The problem is i'm using kafka on spark :

libraryDependencies += "org.apache.spark" %% "spark-streaming-kafka-0-10" % "2.3.0"

val df = spark.readStream
  .format("org.apache.spark.sql.kafka010.KafkaSourceProvider")
  .option("kafka.bootstrap.servers", "batch-1:9092")
  .option("subscribe", "MyTopic")
  .load()

println("Select :")

val df2 = df.selectExpr("CAST(key AS STRING)", "CAST(value AS STRING)", "CAST(topic AS STRING)")
  .as[(String, String, String)]

println("Show :")

val query = df2.writeStream
  .outputMode("append")
  .format("console")
  .start()

query.awaitTermination()

I did an export SPARK_KAFKA_VERSION=0.10 on my edge. Then

spark2-submit --driver-memory 2G --jars spark-sql-kafka-0-10_2.11-2.3.0.cloudera4.jar --class "spark.streaming.Poc" poc_spark_kafka_2.11-0.0.1.jar

This force me to use kafka.bootstrap.servers, it seems to be connected, but I can't get any message.

The output is the same as the kafka-console-consumer with --bootstrap-server option :

18/10/30 16:11:48 INFO utils.AppInfoParser: Kafka version : 0.10.0-kafka-2.1.0
18/10/30 16:11:48 INFO utils.AppInfoParser: Kafka commitId : unknown
18/10/30 16:11:48 INFO streaming.MicroBatchExecution: Starting new streaming query.

Then, nothing. Should I connect to Zookeeper ? How ?
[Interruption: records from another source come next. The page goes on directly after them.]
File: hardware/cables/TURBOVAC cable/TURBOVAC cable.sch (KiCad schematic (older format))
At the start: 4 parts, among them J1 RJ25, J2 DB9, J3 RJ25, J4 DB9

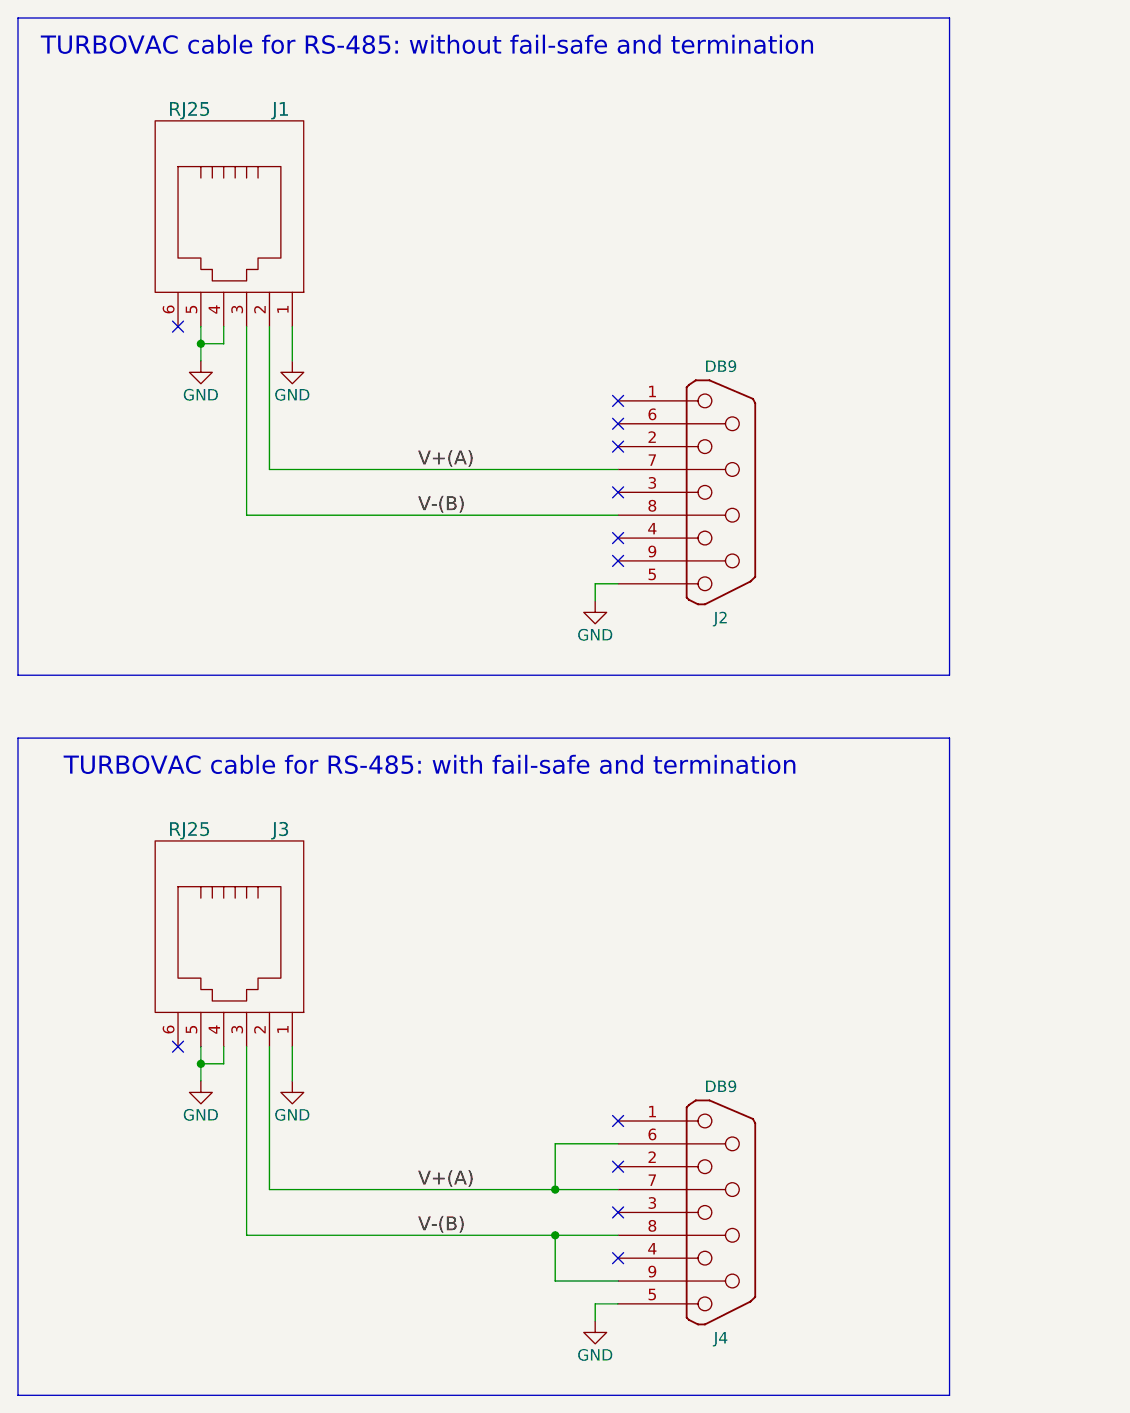
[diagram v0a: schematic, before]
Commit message: fixed Windows/Linux incompatibilities for PyDM 1.2 release
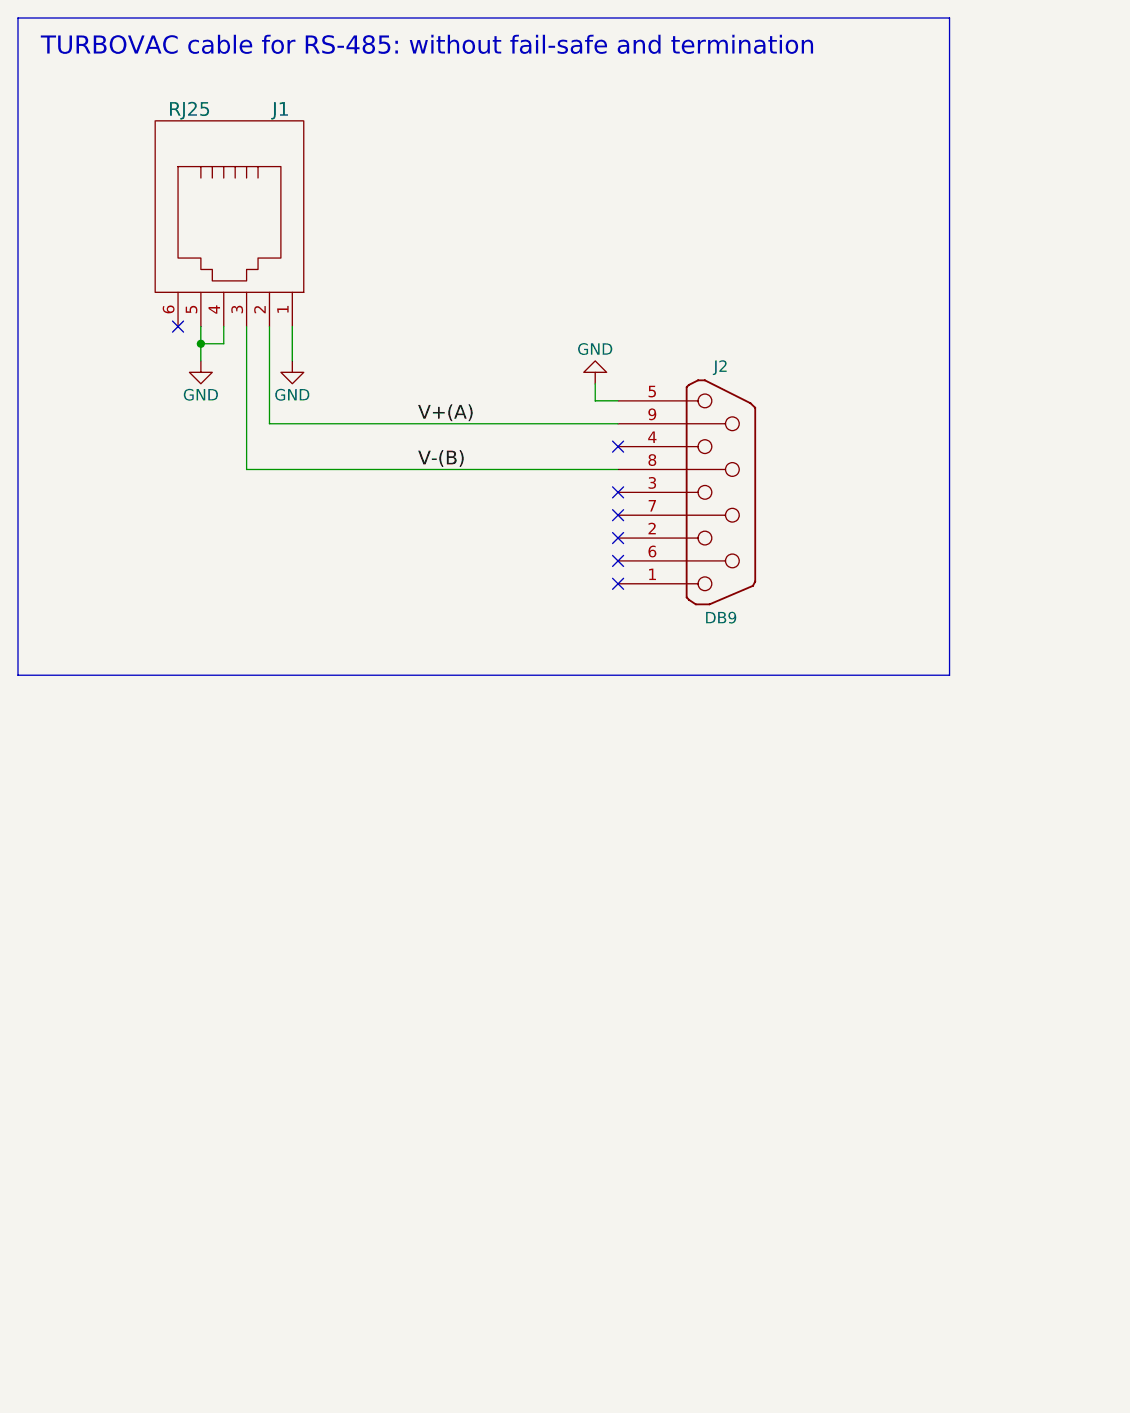
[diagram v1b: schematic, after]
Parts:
- removed J3: RJ25, symbol RJ25
- removed J4: DB9, symbol DB9
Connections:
- net V+(A): now also J2.9 (P9); no longer J2.7 (P7)
- no-connect marks 12 -> 7
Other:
- note removed: "TURBOVAC cable for RS-485: with fail-safe and termination"
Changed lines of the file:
@@
 TURBOVAC cable for RS-485: without fail-safe and termination
-$Comp
-L RJ25 J3
-U 1 1 5B2BA50F
-P 2450 4975
-F 0 "J3" H 2700 5475 60  0000 C CNN
-F 1 "RJ25" H 2300 5475 60  0000 C CNN
-F 2 "" H 2450 4975 60  0000 C CNN
-F 3 "" H 2450 4975 60  0000 C CNN
-	1    2450 4975
-	1    0    0    -1
-$EndComp
-$Comp
-L GND #PWR?
-U 1 1 5B2BA515
-P 2750 5575
-F 0 "#PWR?" H 2750 5325 50  0001 C CNN
-F 1 "GND" H 2750 5425 50  0000 C CNN
-F 2 "" H 2750 5575 50  0000 C CNN
-F 3 "" H 2750 5575 50  0000 C CNN
-	1    2750 5575
-	-1   0    0    -1
-$EndComp
-$Comp
-L GND #PWR?
-U 1 1 5B2BA51B
-P 2350 5575
-F 0 "#PWR?" H 2350 5325 50  0001 C CNN
-F 1 "GND" H 2350 5425 50  0000 C CNN
-F 2 "" H 2350 5575 50  0000 C CNN
-F 3 "" H 2350 5575 50  0000 C CNN
-	1    2350 5575
-	-1   0    0    -1
-$EndComp
-NoConn ~ 4175 5750
-$Comp
-L DB9 J4
-U 1 1 5B2BA522
-P 4625 6150
-F 0 "J4" H 4625 6700 50  0000 C CNN
-F 1 "DB9" H 4625 5600 50  0000 C CNN
-F 2 "" H 4625 6150 50  0000 C CNN
-F 3 "" H 4625 6150 50  0000 C CNN
-	1    4625 6150
-	1    0    0    1
-$EndComp
-NoConn ~ 4175 5950
-NoConn ~ 4175 6150
-NoConn ~ 4175 6350
-$Comp
-L GND #PWR?
-U 1 1 5B2BA52D
-P 4075 6625
-F 0 "#PWR?" H 4075 6375 50  0001 C CNN
-F 1 "GND" H 4075 6475 50  0000 C CNN
-F 2 "" H 4075 6625 50  0000 C CNN
-F 3 "" H 4075 6625 50  0000 C CNN
-	1    4075 6625
-	1    0    0    -1
-$EndComp
-Wire Wire Line
-	4175 6550 4075 6550
-Wire Wire Line
-	4075 6550 4075 6625
-Wire Wire Line
-	2750 5425 2750 5575
-Wire Wire Line
-	2350 5425 2350 5575
-NoConn ~ 2250 5425
-Text Label 3300 6050 0    60   ~ 0
-V+(A)
-Text Label 3300 6250 0    60   ~ 0
-V-(B)
-Wire Bus Line
-	1550 4075 1550 6950
-Wire Bus Line
-	1550 6950 5625 6950
-Wire Bus Line
-	5625 6950 5625 4075
-Wire Bus Line
-	5625 4075 1550 4075
-Text Notes 1750 4250 0    79   ~ 0
-TURBOVAC cable for RS-485: with fail-safe and termination
-Wire Wire Line
-	2450 5425 2450 5500
-Wire Wire Line
-	2450 5500 2350 5500
-Connection ~ 2350 5500
-Wire Wire Line
-	2550 5425 2550 6250
-Wire Wire Line
-	2550 6250 4175 6250
-Wire Wire Line
-	2650 5425 2650 6050
-Wire Wire Line
-	2650 6050 4175 6050
 $Comp
 L RJ25 J1
@@
 	-1   0    0    -1
 $EndComp
-NoConn ~ 4175 2600
+NoConn ~ 4175 3400
 $Comp
 L DB9 J2
@@
 F 3 "" H 4625 3000 50  0000 C CNN
 	1    4625 3000
-	1    0    0    1
+	1    0    0    -1
 $EndComp
+NoConn ~ 4175 3200
+NoConn ~ 4175 3000
 NoConn ~ 4175 2800
-NoConn ~ 4175 3000
-NoConn ~ 4175 3200
 $Comp
 L GND #PWR?
 U 1 1 5B2BA9ED
-P 4075 3475
-F 0 "#PWR?" H 4075 3225 50  0001 C CNN
-F 1 "GND" H 4075 3325 50  0000 C CNN
-F 2 "" H 4075 3475 50  0000 C CNN
-F 3 "" H 4075 3475 50  0000 C CNN
-	1    4075 3475
-	1    0    0    -1
+P 4075 2525
+F 0 "#PWR?" H 4075 2275 50  0001 C CNN
+F 1 "GND" H 4075 2375 50  0000 C CNN
+F 2 "" H 4075 2525 50  0000 C CNN
+F 3 "" H 4075 2525 50  0000 C CNN
+	1    4075 2525
+	1    0    0    1
 $EndComp
 Wire Wire Line
-	4175 3400 4075 3400
+	4175 2600 4075 2600
 Wire Wire Line
-	4075 3400 4075 3475
+	4075 2600 4075 2525
 Wire Wire Line
 	2750 2275 2750 2425
@@
 	2350 2275 2350 2425
 NoConn ~ 2250 2275
+Text Label 3300 2700 0    60   ~ 0
+V+(A)
 Text Label 3300 2900 0    60   ~ 0
-V+(A)
-Text Label 3300 3100 0    60   ~ 0
 V-(B)
 Wire Bus Line
@@
 	2450 2350 2350 2350
 Connection ~ 2350 2350
+NoConn ~ 4175 3300
 Wire Wire Line
-	2550 2275 2550 3100
+	2550 2275 2550 2900
 Wire Wire Line
-	2550 3100 4175 3100
+	2550 2900 4175 2900
 Wire Wire Line
-	2650 2275 2650 2900
+	2650 2275 2650 2700
 Wire Wire Line
-	2650 2900 4175 2900
-Wire Wire Line
-	4175 5850 3900 5850
-Wire Wire Line
-	3900 5850 3900 6050
-Connection ~ 3900 6050
-Wire Wire Line
-	4175 6450 3900 6450
-Wire Wire Line
-	3900 6450 3900 6250
-Connection ~ 3900 6250
-NoConn ~ 4175 2700
-NoConn ~ 4175 3300
+	2650 2700 4175 2700
+NoConn ~ 4175 3100
 $EndSCHEMATC

Is there a version conflict whereas they said "Structured Streaming + Kafka Integration Guide (Kafka broker version 0.10.0 or higher)" here : https://spark.apache.org/docs/latest/structured-streaming-kafka-integration.html ?

What did I missed ?

1
Did you check, if your broker is actually running? When I do a local setup with a very similar spark streaming program, everything works. The fact, that your console consumers are not showing anything, leads me to think, that there is a problem with the producer.Elmar Macek
As of Kafka 0.9 and up, consumers and producers should not be using Zookeeper. The console consumer with the boostrap server should work before you can expect Spark to work. Also, Spark might start at the latest offset of your topic unless otherwise configuredOneCricketeer
@Elmar Macek, I guess the producer is fine because I consume messages from the console consumer using zookeeper.Shayana Keiraved Pahal
@cricket_007 That's exactly the problem and why i'm disapointed : it should not use zookeeper in 1.0. Thank you both for your fast answers.Shayana Keiraved Pahal

1 Answers

2
votes

SOLUTION

The /var/log/kafka/kafka-broker-batch-1.log said :

2018-10-31 13:40:08,284 ERROR kafka.server.KafkaApis: [KafkaApi-51] Number of alive brokers '1' does not meet the required replication factor '3' for the offsets topic (configured via 'offsets.topic.replication.factor'). This error can be ignored if the cluster is starting up and not all brokers are up yet.

So I deployed 3 brokers on my cluster nodes with a gateway on the edge, now it works with :

kafka-console-producer --broker-list data1:9092,data2:9092,data3:9092 --topic Test

kafka-console-consumer --bootstrap-server data1:9092 --topic Test --from-beginning

Spark works fine too.